The law banning child marriage in Yemen has caused a stir and parties supporting as well as opposing the law are staging demonstrations outside the parliament.
Hundreds of women rallied outside Yemen's parliament on Tuesday in support of the law, which sets a minimum age for women at 17 and men at 18, two days after a larger protest by conservative women, who are opposed.
The rally was organised by the General Union of Yemeni Women and other women's organisations, in response to a Sunday protest by thousands of women against the bill that was called by Islamists and conservatives.
Among the protesters on Tuesday was Nojoud Mohammed Ali, who obtained a divorce two years ago after her father forced her to marry a man 20 years her senior when she was only eight.
"I am here to ask parliament not to touch the law that sets the marriage age at 17 years," she told reporters.
A delegation of protesters met with parliament speaker Yehya al-Raei and presented a petition with 1 million signatures in favour of the law.
"We will maintain the article fixing the marriage age but cancel prison sentences and fines that were provided for those who do not comply," Raei said.
Ramzia al-Iriyani, the president of the Union of Yemeni Women, which has long defended the legislation, lamented "the political storm" surrounding it and called on MPs to maintain the law, during the meeting with the speaker.
"We are not talking about early marriage (as a whole) in Yemen. It is that of children that we are addressing," said Nafissa al-Jaifi, a female doctor who heads the Supreme Council of Women and Children, a state organisation that has strongly supported the law.
She said that in the course of her work she had noticed that child marriages "increase the proportion of maternal mortality at birth," lead to the interruption of the brides' studies and cause a high rate of illiteracy among them.
The law was passed last year, but some MPs have submitted requests for its review. That has effectively blocked its implementation.

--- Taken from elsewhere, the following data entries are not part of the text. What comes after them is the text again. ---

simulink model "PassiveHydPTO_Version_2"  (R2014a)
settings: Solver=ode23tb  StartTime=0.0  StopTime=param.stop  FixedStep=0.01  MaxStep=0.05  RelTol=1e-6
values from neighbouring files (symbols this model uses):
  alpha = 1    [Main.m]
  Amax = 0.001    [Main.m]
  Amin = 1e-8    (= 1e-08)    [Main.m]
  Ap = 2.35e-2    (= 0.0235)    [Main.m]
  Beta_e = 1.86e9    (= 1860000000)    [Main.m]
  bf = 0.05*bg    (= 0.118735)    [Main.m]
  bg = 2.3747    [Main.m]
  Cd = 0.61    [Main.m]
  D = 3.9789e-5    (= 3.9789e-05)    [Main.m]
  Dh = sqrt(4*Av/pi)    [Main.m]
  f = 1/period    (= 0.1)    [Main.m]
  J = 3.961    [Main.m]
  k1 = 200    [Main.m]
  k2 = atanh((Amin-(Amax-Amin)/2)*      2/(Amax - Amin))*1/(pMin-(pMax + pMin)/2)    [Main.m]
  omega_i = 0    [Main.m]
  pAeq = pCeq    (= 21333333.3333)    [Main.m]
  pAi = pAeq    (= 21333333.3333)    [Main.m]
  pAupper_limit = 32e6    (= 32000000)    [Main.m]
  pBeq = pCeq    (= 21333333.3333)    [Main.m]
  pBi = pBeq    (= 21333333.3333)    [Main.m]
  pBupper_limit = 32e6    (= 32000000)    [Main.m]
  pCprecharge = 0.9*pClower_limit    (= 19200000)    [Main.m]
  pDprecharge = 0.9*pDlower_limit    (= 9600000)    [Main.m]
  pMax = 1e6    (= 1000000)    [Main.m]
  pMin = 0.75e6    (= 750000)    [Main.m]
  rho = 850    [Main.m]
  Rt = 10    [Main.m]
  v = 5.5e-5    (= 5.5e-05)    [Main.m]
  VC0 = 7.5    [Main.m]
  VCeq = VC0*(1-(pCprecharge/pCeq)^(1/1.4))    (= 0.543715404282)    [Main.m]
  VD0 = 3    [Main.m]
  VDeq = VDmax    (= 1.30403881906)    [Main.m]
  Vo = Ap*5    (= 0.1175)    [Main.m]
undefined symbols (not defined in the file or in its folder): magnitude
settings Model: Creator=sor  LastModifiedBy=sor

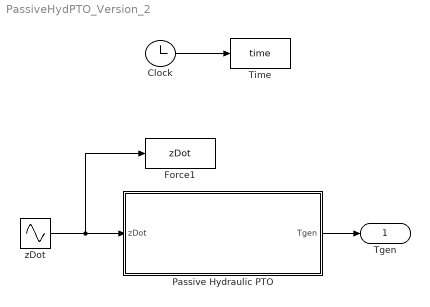
== system PassiveHydPTO_Version_2 ==
  Clock : Clock
  Force1 : ToWorkspace  VariableName=zDot  SampleTime=-1
  "Passive Hydraulic PTO " : Subsystem
  Time : ToWorkspace  VariableName=time  SampleTime=-1
  zDot : Sin  Amplitude=0.8  Frequency=2*pi*f  SampleTime=0
  Tgen : Outport
  wires:
  Clock/1 -> Time/1
  zDot/1 -> Force1/1, "Passive Hydraulic PTO "/1(zDot)
  "Passive Hydraulic PTO "/1(Tgen) -> Tgen/1

== system PassiveHydPTO_Version_2/Passive Hydraulic PTO  ==
  zDot : Inport
  High Pressure Accumulator : Subsystem
  Low Pressure Accumulator : Subsystem
  Motor Generator : Subsystem
  "Piston Pump " : Subsystem
  Rectified Valve : Subsystem
  Tgen : Outport
  wires:
  "Piston Pump "/1(pA) -> Rectified Valve/1(pA)
  Motor Generator/1(Tgen) -> Tgen/1
  Rectified Valve/1(Vdot1) -> High Pressure Accumulator/1(Vdot1)
  Rectified Valve/2(Vdot2) -> High Pressure Accumulator/2(Vdot2)
  Rectified Valve/3(Vdot3) -> Low Pressure Accumulator/1(Vdot3)
  Rectified Valve/4(Vdot4) -> Low Pressure Accumulator/2(Vdot4)
  High Pressure Accumulator/1(pC) -> Motor Generator/1(pC)
  Low Pressure Accumulator/1(pD) -> Motor Generator/2(pD)
  "Piston Pump "/2(pB) -> Rectified Valve/2(pB)
  zDot/1 -> "Piston Pump "/1(zDot)

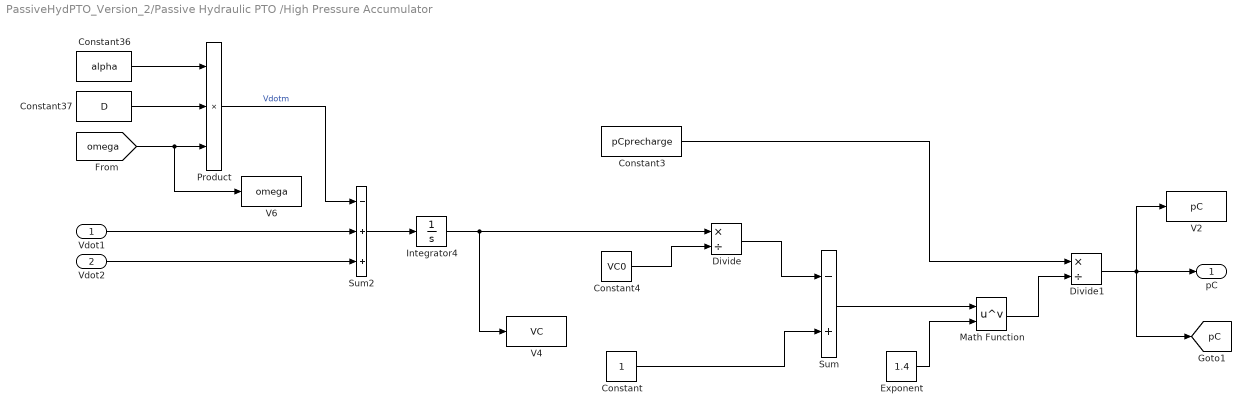
== system PassiveHydPTO_Version_2/Passive Hydraulic PTO /High Pressure Accumulator ==
  Vdot1 : Inport
  Vdot2 : Inport  Port=2
  Constant : Constant
  Constant3 : Constant  Value=pCprecharge
  Constant36 : Constant  Value=alpha
  Constant37 : Constant  Value=D
  Constant4 : Constant  Value=VC0
  Divide : Product  Inputs=*/
  Divide1 : Product  Inputs=*/
  Exponent : Constant  Value=1.4
  Integrator4 : Integrator  InitialCondition=VCeq
  Math Function : Math  Operator=pow  SaturateOnIntegerOverflow=on
  Product : Product  Inputs=3
  Sum : Sum  Inputs=-+
  Sum2 : Sum  Inputs=-++
  V2 : ToWorkspace  VariableName=pC  SampleTime=-1
  V4 : ToWorkspace  VariableName=VC  SampleTime=-1
  V6 : ToWorkspace  VariableName=omega  SampleTime=-1
  pC : Outport
  tag scope: pC=global
  wires:
  Constant36/1 -> Product/1
  Constant37/1 -> Product/2
  [omega] -> V6/1, Product/3
  Product/1 -> Sum2/1  "Vdotm"
  Vdot1/1 -> Sum2/2
  Vdot2/1 -> Sum2/3
  Sum2/1 -> Integrator4/1
  Integrator4/1 -> Divide/1, V4/1
  Constant4/1 -> Divide/2
  Constant/1 -> Sum/2
  Divide/1 -> Sum/1
  Exponent/1 -> Math Function/2
  Sum/1 -> Math Function/1
  Math Function/1 -> Divide1/2
  Constant3/1 -> Divide1/1
  Divide1/1 -> [pC], V2/1, pC/1

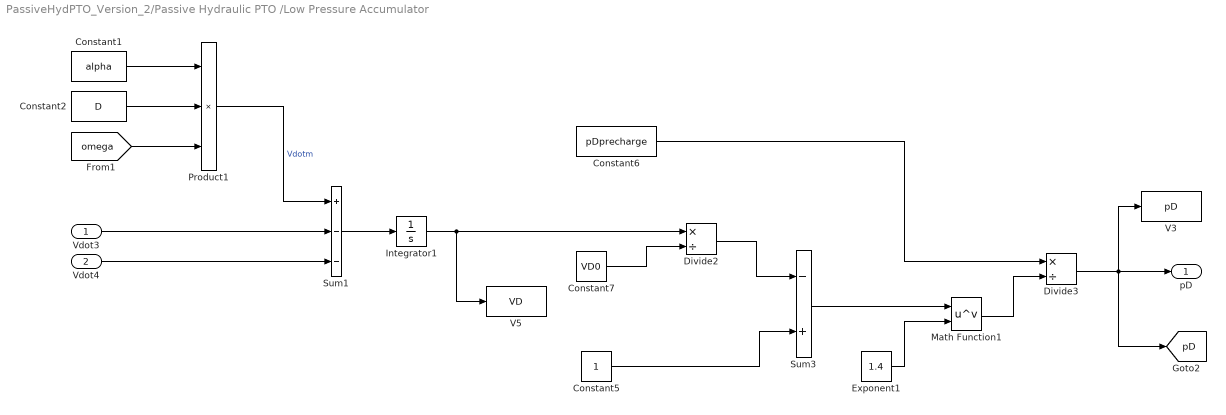
== system PassiveHydPTO_Version_2/Passive Hydraulic PTO /Low Pressure Accumulator ==
  Vdot3 : Inport
  Vdot4 : Inport  Port=2
  Constant1 : Constant  Value=alpha
  Constant2 : Constant  Value=D
  Constant5 : Constant
  Constant6 : Constant  Value=pDprecharge
  Constant7 : Constant  Value=VD0
  Divide2 : Product  Inputs=*/
  Divide3 : Product  Inputs=*/
  Exponent1 : Constant  Value=1.4
  Integrator1 : Integrator  InitialCondition=VDeq
  Math Function1 : Math  Operator=pow  SaturateOnIntegerOverflow=on
  Product1 : Product  Inputs=3
  Sum1 : Sum  Inputs=+--
  Sum3 : Sum  Inputs=-+
  V3 : ToWorkspace  VariableName=pD  SampleTime=-1
  V5 : ToWorkspace  VariableName=VD  SampleTime=-1
  pD : Outport
  tag scope: pD=global
  wires:
  Constant1/1 -> Product1/1
  Constant2/1 -> Product1/2
  [omega] -> Product1/3
  Product1/1 -> Sum1/1  "Vdotm"
  Vdot3/1 -> Sum1/2
  Vdot4/1 -> Sum1/3
  Sum1/1 -> Integrator1/1
  Integrator1/1 -> Divide2/1, V5/1
  Constant7/1 -> Divide2/2
  Constant5/1 -> Sum3/2
  Divide2/1 -> Sum3/1
  Exponent1/1 -> Math Function1/2
  Sum3/1 -> Math Function1/1
  Math Function1/1 -> Divide3/2
  Constant6/1 -> Divide3/1
  Divide3/1 -> [pD], V3/1, pD/1

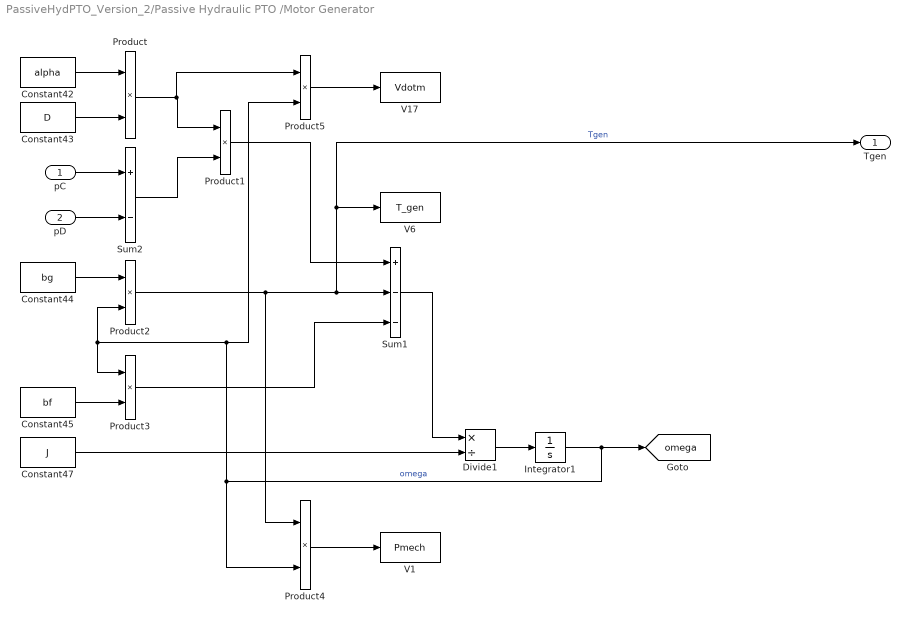
== system PassiveHydPTO_Version_2/Passive Hydraulic PTO /Motor Generator ==
  pC : Inport
  pD : Inport  Port=2
  Constant42 : Constant  Value=alpha
  Constant43 : Constant  Value=D
  Constant44 : Constant  Value=bg
  Constant45 : Constant  Value=bf
  Constant47 : Constant  Value=J
  Divide1 : Product  Inputs=*/
  Integrator1 : Integrator  InitialCondition=omega_i
  Product{,1..5} (6 alike) : Product
  Sum1 : Sum  Inputs=+--
  Sum2 : Sum  Inputs=+-
  V1 : ToWorkspace  VariableName=Pmech  SampleTime=-1
  V17 : ToWorkspace  VariableName=Vdotm  SampleTime=-1
  V6 : ToWorkspace  VariableName=T_gen  SampleTime=-1
  Tgen : Outport
  tag scope: omega=global
  wires:
  Constant42/1 -> Product/1
  Constant43/1 -> Product/2
  pC/1 -> Sum2/1
  pD/1 -> Sum2/2
  Product/1 -> Product5/1, Product1/1
  Sum2/1 -> Product1/2
  Constant44/1 -> Product2/1
  Constant45/1 -> Product3/2
  Product1/1 -> Sum1/1
  Product2/1 -> Product4/1, Tgen/1, V6/1, Sum1/2  "Tgen"
  Product3/1 -> Sum1/3
  Sum1/1 -> Divide1/1
  Constant47/1 -> Divide1/2
  Product4/1 -> V1/1
  Divide1/1 -> Integrator1/1
  Integrator1/1 -> Product4/2, Product3/1, Product2/2, Product5/2, [omega]  "omega"
  Product5/1 -> V17/1

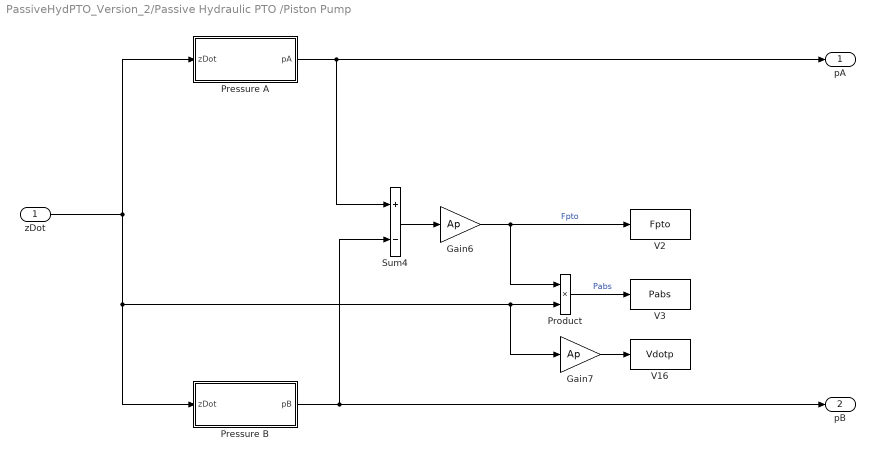
== system PassiveHydPTO_Version_2/Passive Hydraulic PTO /Piston Pump  ==
  zDot : Inport
  Gain6 : Gain  Gain=Ap
  Gain7 : Gain  Gain=Ap
  Pressure A : Subsystem
  Pressure B : Subsystem
  Product : Product
  Sum4 : Sum  Inputs=+-
  V16 : ToWorkspace  VariableName=Vdotp  SampleTime=-1
  V2 : ToWorkspace  VariableName=Fpto  SampleTime=-1
  V3 : ToWorkspace  VariableName=Pabs  SampleTime=-1
  pA : Outport
  pB : Outport  Port=2
  wires:
  zDot/1 -> Pressure A/1(zDot), Gain7/1, Product/2, Pressure B/1(zDot)
  Pressure A/1(pA) -> pA/1, Sum4/1
  Pressure B/1(pB) -> Sum4/2, pB/1
  Sum4/1 -> Gain6/1
  Gain7/1 -> V16/1
  Gain6/1 -> V2/1, Product/1  "Fpto"
  Product/1 -> V3/1  "Pabs"

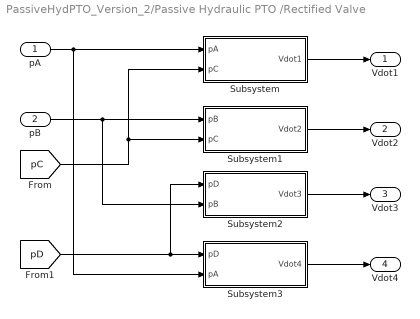
== system PassiveHydPTO_Version_2/Passive Hydraulic PTO /Rectified Valve ==
  pA : Inport
  pB : Inport  Port=2
  Subsystem : Subsystem
  Subsystem1 : Subsystem
  Subsystem2 : Subsystem
  Subsystem3 : Subsystem
  Vdot1 : Outport
  Vdot2 : Outport  Port=2
  Vdot3 : Outport  Port=3
  Vdot4 : Outport  Port=4
  wires:
  pA/1 -> Subsystem/1(pA), Subsystem3/2(pA)
  pB/1 -> Subsystem2/2(pB), Subsystem1/1(pB)
  [pC] -> Subsystem1/2(pC), Subsystem/2(pC)
  [pD] -> Subsystem3/1(pD), Subsystem2/1(pD)
  Subsystem3/1(Vdot4) -> Vdot4/1
  Subsystem2/1(Vdot3) -> Vdot3/1
  Subsystem1/1(Vdot2) -> Vdot2/1
  Subsystem/1(Vdot1) -> Vdot1/1

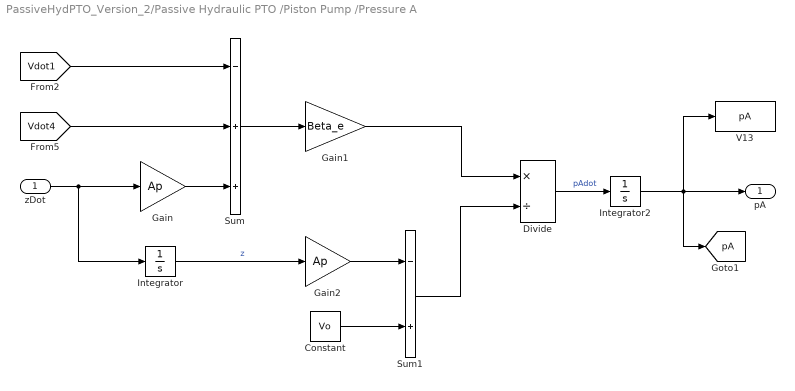
== system PassiveHydPTO_Version_2/Passive Hydraulic PTO /Piston Pump /Pressure A ==
  zDot : Inport
  Constant : Constant  Value=Vo
  Divide : Product  Inputs=*/
  Gain : Gain  Gain=Ap
  Gain1 : Gain  Gain=Beta_e
  Gain2 : Gain  Gain=Ap
  Integrator : Integrator
  Integrator2 : Integrator  InitialCondition=pAi  UpperSaturationLimit=pAupper_limit  LowerSaturationLimit=pAeq
  Sum : Sum  Inputs=-++
  Sum1 : Sum  Inputs=-+
  V13 : ToWorkspace  VariableName=pA  SampleTime=-1
  pA : Outport
  tag scope: pA=global
  wires:
  Gain/1 -> Sum/3
  Sum/1 -> Gain1/1
  zDot/1 -> Integrator/1, Gain/1
  Integrator/1 -> Gain2/1  "z"
  Gain2/1 -> Sum1/1
  Constant/1 -> Sum1/2
  Gain1/1 -> Divide/1
  Sum1/1 -> Divide/2
  [Vdot1] -> Sum/1
  Divide/1 -> Integrator2/1  "pAdot"
  [Vdot4] -> Sum/2
  Integrator2/1 -> pA/1, [pA], V13/1

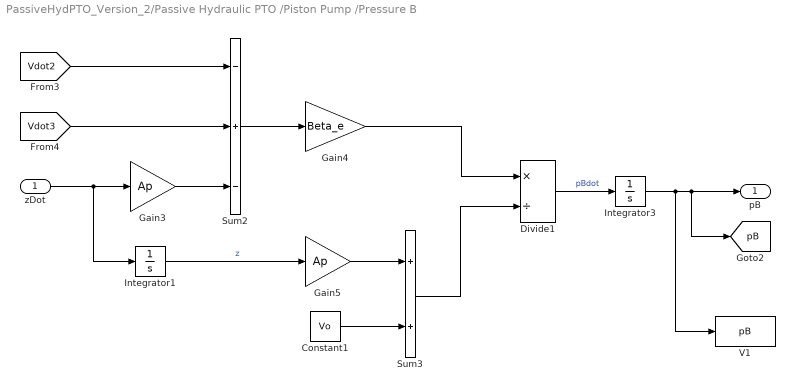
== system PassiveHydPTO_Version_2/Passive Hydraulic PTO /Piston Pump /Pressure B ==
  zDot : Inport
  Constant1 : Constant  Value=Vo
  Divide1 : Product  Inputs=*/
  Gain3 : Gain  Gain=Ap
  Gain4 : Gain  Gain=Beta_e
  Gain5 : Gain  Gain=Ap
  Integrator1 : Integrator
  Integrator3 : Integrator  InitialCondition=pBi  UpperSaturationLimit=pBupper_limit  LowerSaturationLimit=pBeq
  Sum2 : Sum  Inputs=-+-
  Sum3 : Sum
  V1 : ToWorkspace  VariableName=pB  SampleTime=-1
  pB : Outport
  tag scope: pB=global
  wires:
  Gain3/1 -> Sum2/3
  Sum2/1 -> Gain4/1
  zDot/1 -> Integrator1/1, Gain3/1
  Integrator1/1 -> Gain5/1  "z"
  Gain5/1 -> Sum3/1
  Constant1/1 -> Sum3/2
  Gain4/1 -> Divide1/1
  Sum3/1 -> Divide1/2
  Divide1/1 -> Integrator3/1  "pBdot"
  [Vdot2] -> Sum2/1
  [Vdot3] -> Sum2/2
  Integrator3/1 -> V1/1, pB/1, [pB]

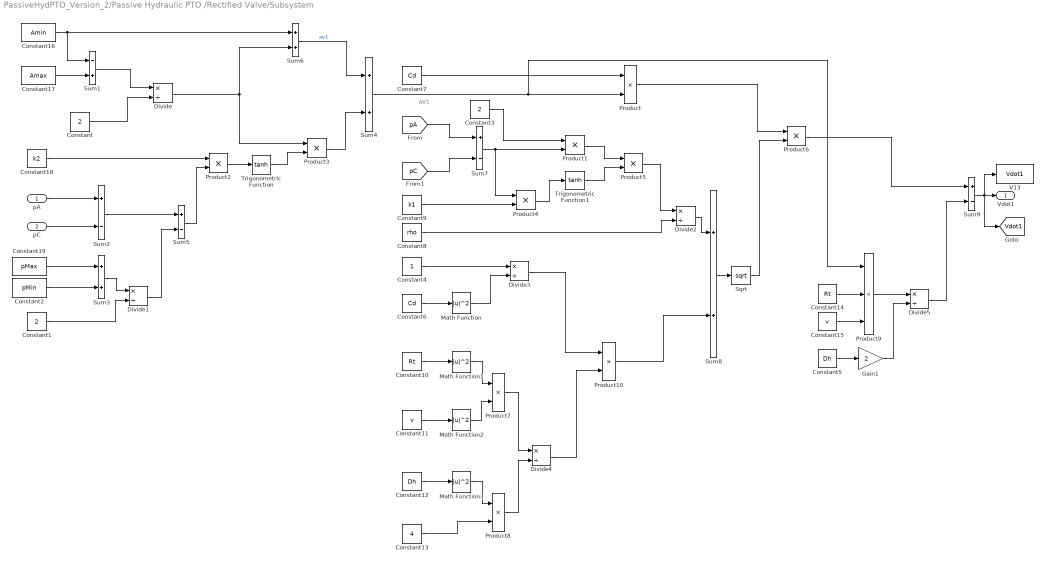
== system PassiveHydPTO_Version_2/Passive Hydraulic PTO /Rectified Valve/Subsystem ==
  note: aV1
  pA : Inport
  pC : Inport  Port=2
  Constant : Constant  Value=2
  Constant1 : Constant  Value=2
  Constant10 : Constant  Value=Rt
  Constant11 : Constant  Value=v
  Constant12 : Constant  Value=Dh
  Constant13 : Constant  Value=4
  Constant14 : Constant  Value=Rt
  Constant15 : Constant  Value=v
  Constant16 : Constant  Value=Amin
  Constant17 : Constant  Value=Amax
  Constant18 : Constant  Value=k2
  Constant19 : Constant  Value=pMax
  Constant2 : Constant  Value=pMin
  Constant3 : Constant  Value=2
  Constant4 : Constant
  Constant5 : Constant  Value=Dh
  Constant6 : Constant  Value=Cd
  Constant7 : Constant  Value=Cd
  Constant8 : Constant  Value=rho
  Constant9 : Constant  Value=k1
  Divide{,1..5} (6 alike) : Product  Inputs=*/
  Gain1 : Gain  Gain=2
  Math Function{,1..3} (4 alike) : Math  Operator=magnitude^2  SaturateOnIntegerOverflow=on
  Product{,1..8,10} (10 alike) : Product
  Product9 : Product  Inputs=3
  Sqrt : Sqrt  SaturateOnIntegerOverflow=on
  Sum1 : Sum  Inputs=-+
  Sum{2,5,7,9} (4 alike) : Sum  Inputs=+-
  Sum{3..4,6,8} (4 alike) : Sum
  Trigonometric Function : Trigonometry  Operator=tanh
  Trigonometric Function1 : Trigonometry  Operator=tanh
  V13 : ToWorkspace  VariableName=Vdot1  SampleTime=-1
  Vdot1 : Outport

Some Muslims believe the minimum age of marriage need not be fixed since Islam did not do so, and that the Prophet Mohammed married his wife Aisha when she was nine years old.
"Fixing the age of marriage is an act that contradicts the precepts of Islam," said last week Sheikh Abdul Majid Zindani, head of the association of Yemeni clerics, who is also identified as a "global terrorist" by the United States for suspected links to Al-Qaeda.
The marriage of young girls is widespread in Yemen, an impoverished country with a strong tribal structure.
The death of a 12-year-old girl in childbirth in September illustrated the case of the country's "brides of death," many of whom are married off even before puberty.